Task instructions: When the line containing "5. Retaining Ring:1 — Angle:4, Insert:23" appears in the entries below, begin printing there and stop after the line containing "- Angle:6 (0 deg): V2 Output Housing:1"; print each of those lines exactly and no other line.

*** Opening of Task input ***

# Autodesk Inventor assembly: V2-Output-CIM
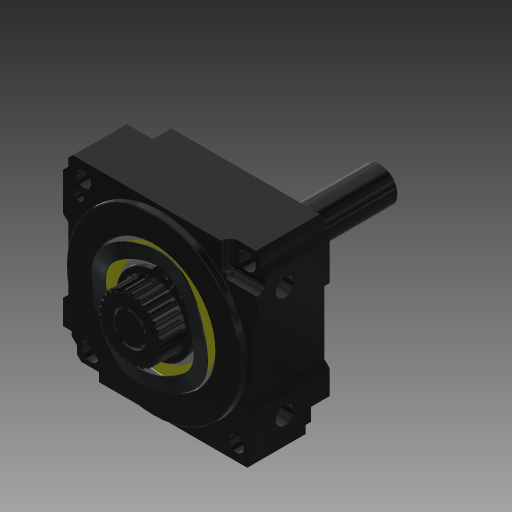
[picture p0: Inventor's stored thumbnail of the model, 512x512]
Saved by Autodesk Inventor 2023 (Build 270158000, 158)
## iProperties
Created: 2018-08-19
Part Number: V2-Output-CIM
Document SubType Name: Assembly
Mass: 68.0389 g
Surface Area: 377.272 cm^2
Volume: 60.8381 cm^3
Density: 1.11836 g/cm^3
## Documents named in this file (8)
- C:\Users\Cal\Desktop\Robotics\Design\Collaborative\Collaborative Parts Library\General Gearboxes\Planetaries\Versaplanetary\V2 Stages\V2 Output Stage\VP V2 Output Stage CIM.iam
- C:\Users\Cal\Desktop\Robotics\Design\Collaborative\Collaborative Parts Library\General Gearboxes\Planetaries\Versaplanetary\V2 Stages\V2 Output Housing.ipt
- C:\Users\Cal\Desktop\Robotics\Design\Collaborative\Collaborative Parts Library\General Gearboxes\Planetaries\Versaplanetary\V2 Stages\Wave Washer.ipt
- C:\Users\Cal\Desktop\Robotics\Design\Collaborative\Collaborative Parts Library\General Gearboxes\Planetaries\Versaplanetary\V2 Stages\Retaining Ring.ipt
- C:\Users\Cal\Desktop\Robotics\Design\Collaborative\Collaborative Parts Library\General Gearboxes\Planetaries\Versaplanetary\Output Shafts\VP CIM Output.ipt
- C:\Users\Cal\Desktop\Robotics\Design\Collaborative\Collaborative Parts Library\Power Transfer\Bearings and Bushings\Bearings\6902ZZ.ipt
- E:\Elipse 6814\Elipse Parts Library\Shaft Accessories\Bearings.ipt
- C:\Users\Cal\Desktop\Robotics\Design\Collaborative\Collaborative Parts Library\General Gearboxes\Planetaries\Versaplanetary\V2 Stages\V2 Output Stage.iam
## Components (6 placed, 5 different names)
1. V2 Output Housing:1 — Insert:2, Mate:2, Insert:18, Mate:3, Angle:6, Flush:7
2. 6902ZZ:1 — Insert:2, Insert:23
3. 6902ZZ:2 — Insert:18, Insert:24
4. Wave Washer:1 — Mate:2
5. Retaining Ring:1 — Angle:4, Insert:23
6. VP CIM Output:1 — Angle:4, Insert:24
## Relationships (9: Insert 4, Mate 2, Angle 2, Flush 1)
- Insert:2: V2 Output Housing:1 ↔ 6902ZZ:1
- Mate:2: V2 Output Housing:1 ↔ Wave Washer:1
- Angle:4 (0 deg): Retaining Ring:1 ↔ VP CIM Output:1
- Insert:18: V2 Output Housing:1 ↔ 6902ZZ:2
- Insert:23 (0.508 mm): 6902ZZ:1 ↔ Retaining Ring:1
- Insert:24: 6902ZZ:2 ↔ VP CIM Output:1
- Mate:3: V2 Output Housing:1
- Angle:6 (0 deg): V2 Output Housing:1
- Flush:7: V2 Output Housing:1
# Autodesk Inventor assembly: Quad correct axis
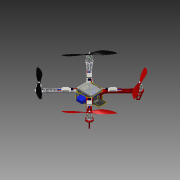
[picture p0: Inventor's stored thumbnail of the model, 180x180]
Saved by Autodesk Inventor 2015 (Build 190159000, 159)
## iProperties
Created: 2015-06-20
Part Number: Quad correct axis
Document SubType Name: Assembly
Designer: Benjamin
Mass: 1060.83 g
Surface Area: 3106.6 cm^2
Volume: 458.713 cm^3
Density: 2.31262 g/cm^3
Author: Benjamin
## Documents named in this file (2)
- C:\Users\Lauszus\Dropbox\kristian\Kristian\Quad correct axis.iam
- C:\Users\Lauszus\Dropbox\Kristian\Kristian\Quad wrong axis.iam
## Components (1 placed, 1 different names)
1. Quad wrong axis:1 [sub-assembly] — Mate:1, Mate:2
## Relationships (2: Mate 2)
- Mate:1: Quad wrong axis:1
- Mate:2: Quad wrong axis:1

*** Close of Task input ***

Response area:
5. Retaining Ring:1 — Angle:4, Insert:23
6. VP CIM Output:1 — Angle:4, Insert:24
## Relationships (9: Insert 4, Mate 2, Angle 2, Flush 1)
- Insert:2: V2 Output Housing:1 ↔ 6902ZZ:1
- Mate:2: V2 Output Housing:1 ↔ Wave Washer:1
- Angle:4 (0 deg): Retaining Ring:1 ↔ VP CIM Output:1
- Insert:18: V2 Output Housing:1 ↔ 6902ZZ:2
- Insert:23 (0.508 mm): 6902ZZ:1 ↔ Retaining Ring:1
- Insert:24: 6902ZZ:2 ↔ VP CIM Output:1
- Mate:3: V2 Output Housing:1
- Angle:6 (0 deg): V2 Output Housing:1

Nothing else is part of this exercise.